Introduction

Intracapsular femoral neck fractures occur in a bimodal distribution. The most common peak occurs in elderly patients, generally in their eighth decade [1]. Such an injury is typically a fragility fracture [2]. Conversely, femoral neck fractures in the young adult are less common and frequently the result of high-energy mechanisms such as motor vehicle collisions or falls from height [36]. A subset of femoral neck fractures in the young are from repetitive activities, such as athletes and military recruits [7].

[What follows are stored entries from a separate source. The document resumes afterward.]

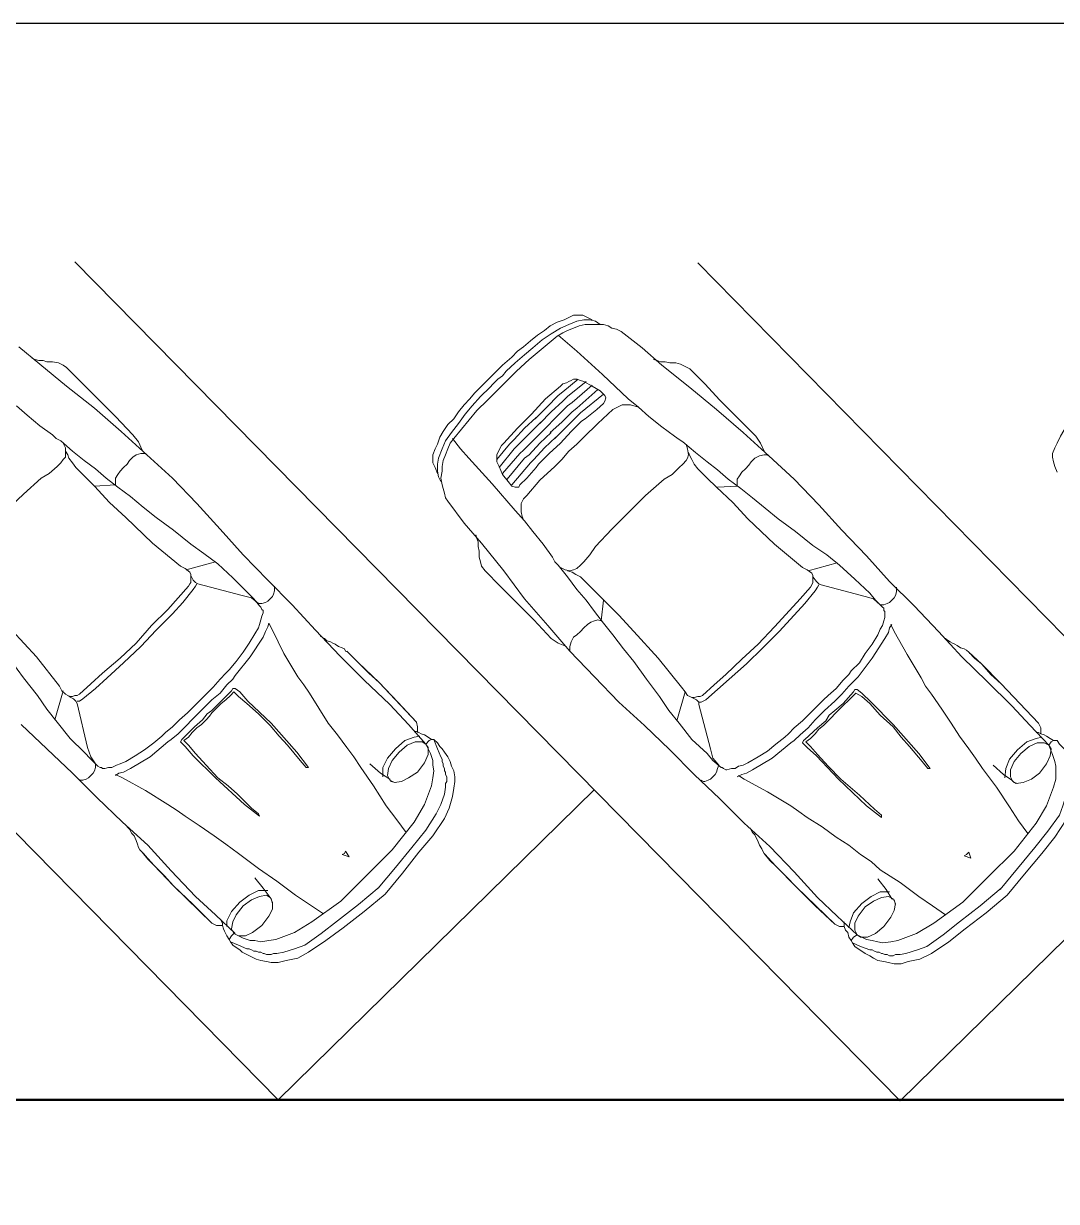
# Model space of a CAD drawing. Header units: metres. Extents: x -24.2 to 51.5, y -28.6 to 30.1.
# Drawn here: x -10.67 to -5.31, y 23.97 to 30.09 of the extents above; entities that cross this region are included whole.
import ezdxf

# ---------------------------------------------------------------- set-up
doc = ezdxf.new("R2010")
doc.units = ezdxf.units.M
for name, color, linetype in [('GF-BLACK', 250, 'Continuous'), ('GF-DARKGRAY', 8, 'Continuous'), ('GF-GRAY', 8, 'Continuous')]:
    doc.layers.add(name, color=color, linetype=linetype)

msp = doc.modelspace()

# ---------------------------------------------------------------- linework, layer by layer
at = {"layer": 'GF-BLACK', "lineweight": 50, "true_color": 0x000000}
msp.add_line((11.0973, 24.4998), (-12.5818, 24.4998), dxfattribs=at)
at = {"layer": 'GF-BLACK', "lineweight": 25, "true_color": 0x000000}
msp.add_lwpolyline([(11.0973, 30.0877), (-24.2464, 30.0877), (-24.2464, -28.567)], dxfattribs=at)
at = {"layer": 'GF-DARKGRAY', "lineweight": 25, "true_color": 0x767676}
for p, q in [((-13.6378, 28.8567), (-9.3534, 24.4998)), ((-10.4094, 28.8506), (-6.125, 24.4938)), ((-7.1749, 28.8446), (-2.8965, 24.4877)), ((-9.3534, 24.4998), (-7.712, 26.111)), ((-6.125, 24.4938), (-4.4836, 26.105))]:
    msp.add_line(p, q, dxfattribs=at)
at = {"layer": 'GF-GRAY', "lineweight": 13, "true_color": 0x808080}
for p, q in [((-9.8301, 27.2515), (-9.6792, 27.2938)), ((-6.6017, 27.2455), (-6.4508, 27.2877)), ((-9.4017, 26.9739), (-9.3835, 26.9377)), ((-6.1732, 26.9679), (-6.1551, 26.9317)), ((-10.512, 26.4731), (-10.4697, 26.6239)), ((-7.2836, 26.467), (-7.2413, 26.6179)), ((-10.3008, 26.2257), (-10.3008, 26.2438)), ((-7.0724, 26.2196), (-7.0663, 26.2377)), ((-10.162, 26.1713), (-10.1982, 26.1895)), ((-6.9336, 26.1653), (-6.9637, 26.1834))]:
    msp.add_line(p, q, dxfattribs=at)
for points in [[(-7.7241, 28.5489), (-7.7482, 28.561), (-7.7724, 28.5731), (-7.7965, 28.5731), (-7.8206, 28.5731), (-7.8448, 28.561), (-7.8689, 28.5489), (-7.9051, 28.5368), (-7.9413, 28.5187), (-7.9715, 28.4946), (-8.0077, 28.4705), (-8.0439, 28.4403), (-8.0801, 28.4101), (-8.1103, 28.386), (-8.1405, 28.3558), (-8.1887, 28.3136), (-8.237, 28.2653)], [(-6.3482, 25.3567), (-6.4508, 25.4533), (-6.5534, 25.5498), (-6.6741, 25.6826), (-6.8008, 25.8153), (-6.9336, 25.936), (-7.0603, 26.0627), (-7.193, 26.1895), (-7.3198, 26.3162), (-7.4525, 26.4429), (-7.5853, 26.5636), (-7.712, 26.6963), (-7.8387, 26.8291), (-7.9534, 26.9619), (-8.0741, 27.1007), (-8.1827, 27.2455), (-8.2973, 27.3903), (-8.3879, 27.4929), (-8.4723, 27.6075), (-8.4844, 27.6256), (-8.4905, 27.6498), (-8.4965, 27.6739), (-8.5025, 27.692), (-8.5086, 27.7282), (-8.5025, 27.7644), (-8.5025, 27.7886), (-8.4965, 27.8188), (-8.4844, 27.8489), (-8.4723, 27.8791), (-8.4603, 27.9093), (-8.4422, 27.9334), (-8.3215, 28.0782), (-8.2672, 28.1325), (-8.1163, 28.2834), (-8.0499, 28.3437), (-7.9051, 28.4644), (-7.8749, 28.4825), (-7.8508, 28.4946), (-7.8206, 28.5067), (-7.7905, 28.5187), (-7.7603, 28.5248), (-7.7301, 28.5248), (-7.6999, 28.5248), (-7.6637, 28.5248), (-7.6396, 28.5187), (-7.6215, 28.5067), (-7.5974, 28.5006), (-7.5732, 28.4886), (-7.4646, 28.4041), (-7.362, 28.3136), (-7.2172, 28.1989), (-7.0784, 28.0843), (-6.9396, 27.9636), (-6.8068, 27.8429), (-6.6741, 27.7222), (-6.5474, 27.5894), (-6.4267, 27.4567), (-6.3, 27.3239), (-6.1793, 27.1912), (-6.0525, 27.0644), (-5.9258, 26.9317), (-5.8051, 26.7989), (-5.6724, 26.6722), (-5.5456, 26.5455), (-5.4491, 26.4429), (-5.3525, 26.3403)], [(-7.6818, 28.5248), (-7.706, 28.5429), (-7.7361, 28.5489), (-7.7663, 28.5489), (-7.8025, 28.5429), (-7.8448, 28.5248), (-7.887, 28.5067), (-7.9353, 28.4765), (-7.9836, 28.4463), (-8.0318, 28.4041), (-8.0741, 28.3679), (-8.1224, 28.3256), (-8.1706, 28.2834), (-8.1887, 28.2593), (-8.2129, 28.2412)], [(-7.8991, 28.4705), (-7.8508, 28.4282), (-7.8025, 28.386), (-7.6698, 28.2653), (-7.537, 28.1386), (-7.4827, 28.0963), (-7.4284, 28.0481), (-7.362, 27.9937), (-7.2956, 27.9455), (-7.2715, 27.9274), (-7.2534, 27.9153), (-7.187, 27.861), (-7.1267, 27.8127), (-7.0724, 27.7705), (-7.018, 27.7222), (-6.9517, 27.6739), (-6.8913, 27.6256), (-6.8249, 27.5713), (-6.7586, 27.517), (-6.6681, 27.4506), (-6.5775, 27.3782), (-6.5051, 27.33), (-6.4387, 27.2757), (-6.3603, 27.2032), (-6.2818, 27.1308), (-6.2517, 27.0946), (-6.2155, 27.0584)], [(-10.6991, 28.4101), (-10.5904, 28.3196), (-10.4516, 28.205), (-10.3068, 28.0903), (-10.168, 27.9696), (-10.0353, 27.8489), (-9.9025, 27.7282), (-9.7758, 27.5955), (-9.6551, 27.4627), (-9.5344, 27.33), (-9.4077, 27.1972), (-9.281, 27.0705), (-9.1603, 26.9377), (-9.0336, 26.805), (-8.9068, 26.6782), (-8.7741, 26.5515), (-8.6775, 26.4489), (-8.587, 26.3463)], [(-10.0594, 27.8731), (-10.0775, 27.9153), (-10.1077, 27.9515), (-10.1982, 28.0481), (-10.2887, 28.1386), (-10.3732, 28.2231), (-10.4516, 28.3015), (-10.4697, 28.3136), (-10.4939, 28.3256), (-10.5241, 28.3317), (-10.5542, 28.3317), (-10.5723, 28.3377), (-10.5965, 28.3377), (-10.6146, 28.3437), (-10.6327, 28.3498)], [(-6.831, 27.867), (-6.8491, 27.9093), (-6.8732, 27.9455), (-6.9698, 28.042), (-7.0603, 28.1325), (-7.1387, 28.217), (-7.2172, 28.2955), (-7.2413, 28.3075), (-7.2655, 28.3196), (-7.2896, 28.3256), (-7.3198, 28.3256), (-7.3439, 28.3317), (-7.368, 28.3317), (-7.3861, 28.3377), (-7.4043, 28.3437)], [(-8.5267, 27.7524), (-8.5387, 27.7825), (-8.5508, 27.8067), (-8.5508, 27.8308), (-8.5508, 27.8489), (-8.5387, 27.8791), (-8.5267, 27.9032), (-8.5146, 27.9394), (-8.4965, 27.9696), (-8.4723, 28.0058), (-8.4422, 28.036), (-8.418, 28.0722), (-8.3879, 28.1084), (-8.3577, 28.1386), (-8.3336, 28.1687), (-8.2853, 28.217), (-8.237, 28.2653)], [(-5.3103, 27.7584), (-5.3224, 27.7886), (-5.3284, 27.8127), (-5.3344, 27.8369), (-5.3344, 27.855), (-5.3224, 27.8851), (-5.3103, 27.9093), (-5.2922, 27.9455), (-5.2741, 27.9756), (-5.25, 28.0119), (-5.2258, 28.042), (-5.1957, 28.0782), (-5.1655, 28.1144), (-5.1413, 28.1446), (-5.1112, 28.1748), (-5.0689, 28.2231), (-5.0207, 28.2713)], [(-8.5086, 27.7101), (-8.5206, 27.7343), (-8.5267, 27.7644), (-8.5267, 27.8006), (-8.5206, 27.8308), (-8.5025, 27.8791), (-8.4844, 27.9213), (-8.4542, 27.9636), (-8.418, 28.0119), (-8.3818, 28.0601), (-8.3456, 28.1024), (-8.3034, 28.1506), (-8.2551, 28.1989), (-8.237, 28.217), (-8.2129, 28.2412)], [(-7.887, 27.9093), (-7.8327, 27.9696), (-7.7784, 28.0239), (-7.7603, 28.036), (-7.6999, 28.0843), (-7.6637, 28.1144), (-7.6577, 28.1265), (-7.6517, 28.1446), (-7.6577, 28.1567), (-7.6818, 28.1808), (-7.7241, 28.205), (-7.7663, 28.2291), (-7.7844, 28.2351), (-7.8025, 28.2412), (-7.8206, 28.2412), (-7.8327, 28.2351), (-7.8448, 28.2291), (-7.8568, 28.2231), (-7.8749, 28.217), (-7.887, 28.205), (-7.9655, 28.1386), (-8.0379, 28.0601)], [(-8.0198, 28.036), (-7.9594, 28.0963), (-7.8991, 28.1567), (-7.8749, 28.1748), (-7.7965, 28.2412)], [(-7.9956, 28.0119), (-7.9353, 28.0722), (-7.8749, 28.1265), (-7.8508, 28.1506), (-7.7543, 28.2291)], [(-7.9655, 27.9877), (-7.9111, 28.042), (-7.8508, 28.1024), (-7.8267, 28.1205), (-7.7241, 28.211)], [(-7.9413, 27.9636), (-7.881, 28.0179), (-7.8267, 28.0722), (-7.8025, 28.0903), (-7.6939, 28.1869)], [(-7.9172, 27.9334), (-7.8568, 27.9937), (-7.8025, 28.0481), (-7.7844, 28.0662), (-7.6637, 28.1627)], [(-10.7111, 28.1024), (-10.6568, 28.0541), (-10.5904, 27.9998), (-10.5241, 27.9515), (-10.506, 27.9334), (-10.4818, 27.9213), (-10.4215, 27.867), (-10.3611, 27.8188), (-10.3008, 27.7765), (-10.2465, 27.7282), (-10.1861, 27.68), (-10.1197, 27.6317), (-10.0534, 27.5774), (-9.987, 27.5231), (-9.8965, 27.4567), (-9.806, 27.3843), (-9.7396, 27.336), (-9.6672, 27.2817), (-9.5887, 27.2093), (-9.5163, 27.1369), (-9.4801, 27.1007), (-9.4499, 27.0644)], [(-7.4827, 28.0963), (-7.5068, 28.1024), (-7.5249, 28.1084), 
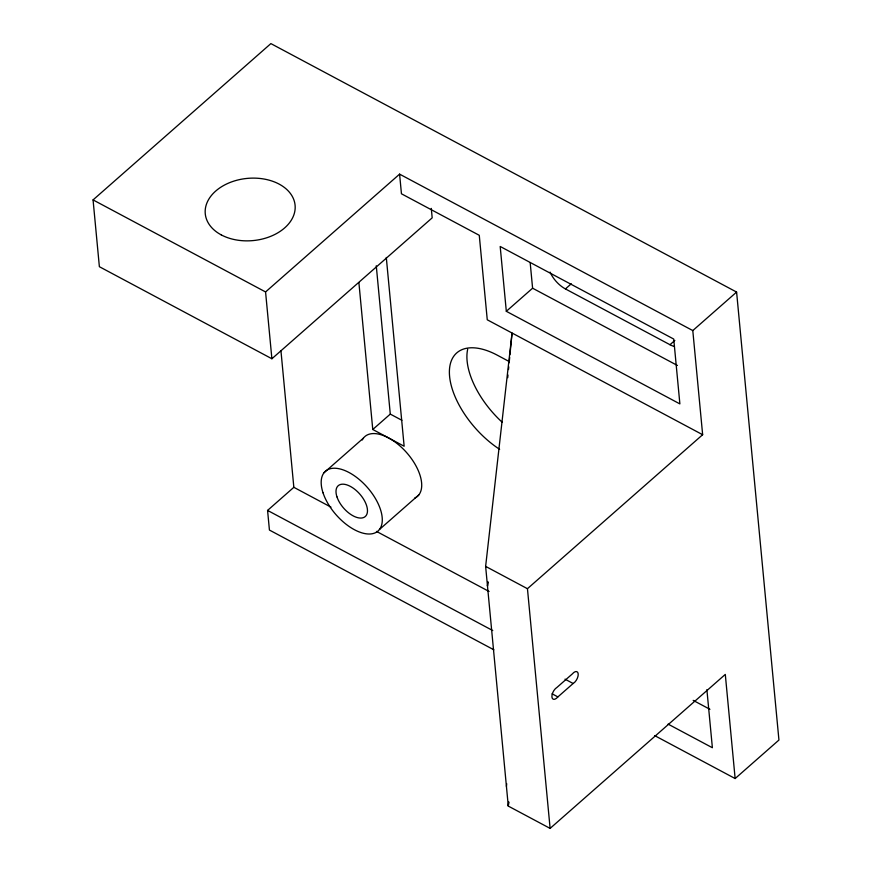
<?xml version="1.0" encoding="UTF-8"?>
<svg xmlns="http://www.w3.org/2000/svg" width="872" height="872" viewBox="0 0 872 872"><rect width="100%" height="100%" fill="white"/><g stroke="black" fill="none" stroke-linecap="round" stroke-linejoin="round"><path stroke-width="1.31" d="M508.649 802.033L508.289 806.088L550.112 828.4L725.297 674.405L735.14 778.543L654.719 735.63M507.722 377.674L507.984 374.971M508.507 369.554L508.768 366.85M509.161 362.785L509.695 357.378M509.957 354.675L512.06 333.028L485.628 566.386L508.289 806.088L508.747 802.044M506.425 786.435L506.708 783.732M431.291 208.408L432.185 217.847L271.89 358.752L99.375 266.701L93.064 199.906L270.876 43.6L736.6 292.076L778.936 740.045L735.14 778.543M271.89 358.752L265.568 291.946L399.594 174.138L692.793 330.575L702.647 434.714L527.451 588.698L550.112 828.4M493.879 649.814L269.426 530.056L267.573 510.414L293.842 487.317L280.926 350.566M506.316 311.304L500.19 246.471L673.74 339.066L679.877 403.9L506.316 311.304L532.596 288.207L530.165 262.537M386.296 257.469L404.139 446.235L372.769 429.493L390.285 414.102L376.268 265.786M324.024 472.744L363.439 438.104M550.079 272.108A20.503 10.704 48.7 0 0 565.427 288.926L571.269 283.792M379.462 529.489L418.876 494.838M565.427 288.926L669.979 344.713L674.841 340.44M692.793 330.575L736.6 292.076M557.884 696.902L573.133 683.495A6.834 3.412 -61.9 0 0 578.201 673.903A6.834 3.412 -61.9 0 0 572.239 674.002L556.979 687.409A6.834 3.412 -61.9 0 0 551.922 697.001A6.834 3.412 -61.9 0 0 557.884 696.902L552.074 693.796M532.596 288.207L677.424 365.477M702.647 434.714L487.263 319.795L479.273 235.309L401.447 193.791L399.594 174.138M509.215 361.553L497.225 355.155A68.354 35.665 48.7 0 0 449.396 373.227A68.354 35.665 48.7 0 0 499.645 449.331M93.064 199.906L265.568 291.946M390.285 414.102L401.905 420.293M485.628 566.386L527.451 588.698M293.842 487.317L330.978 507.123M376.497 531.408L489.083 591.478M693.175 700.369L709.928 709.307M267.573 510.414L492.756 630.554M668.083 724.109L712.38 747.729L706.887 689.654M565.002 679.157L573.133 683.495M358.883 282.528L372.769 429.493M362.24 439.989A39.818 20.775 48.7 0 1 406.178 452.099A39.818 20.775 48.7 0 1 414.603 498.185M502.152 422.212A68.354 35.665 48.7 0 1 467.686 349.214M673.991 346.38A20.503 10.704 48.7 0 1 669.979 344.713M487.884 581.973L487.481 586.038L487.906 581.973M221.259 234.895A45.115 31.229 -5.4 0 0 294.507 212.724A45.115 31.229 -5.4 0 0 234.742 180.842A45.115 31.229 -5.4 0 0 221.259 234.895M336.952 496.855A20.503 10.704 48.7 0 0 363.809 517.456A20.503 10.704 48.7 0 0 354.457 489.05A20.503 10.704 48.7 0 0 336.952 496.855M323.032 492.833A39.818 20.775 48.7 0 0 375.178 532.836A39.818 20.775 48.7 0 0 357.008 477.693A39.818 20.775 48.7 0 0 323.032 492.833"/></g></svg>

As such, femoral neck fractures in the young patient are a distinct clinical entity from those in the elderly requiring different evaluation and management considerations. A recent meta-analysis describing complications of femoral neck fractures in young adult patients found a reoperation rate of approximately 18 %, nonunion rate of 9 %, avascular necrosis rate of 14 %, and an implant failure rate of nearly 10 % [8]. These rates are consistent with previously published rates in the literature [5, 911]. With that in mind, clinical decision making, judgment, and surgical technique are of utmost importance to reduce those complications. Despite this, timing of surgery, reduction strategies (open versus closed), implants of choice, and fixation configuration remain topics of great debate in the orthopedic trauma literature. The aim of our paper is to present our surgical strategies in the form of tips and tricks so as to strive for anatomic reduction and stable fixation of such a complex injury.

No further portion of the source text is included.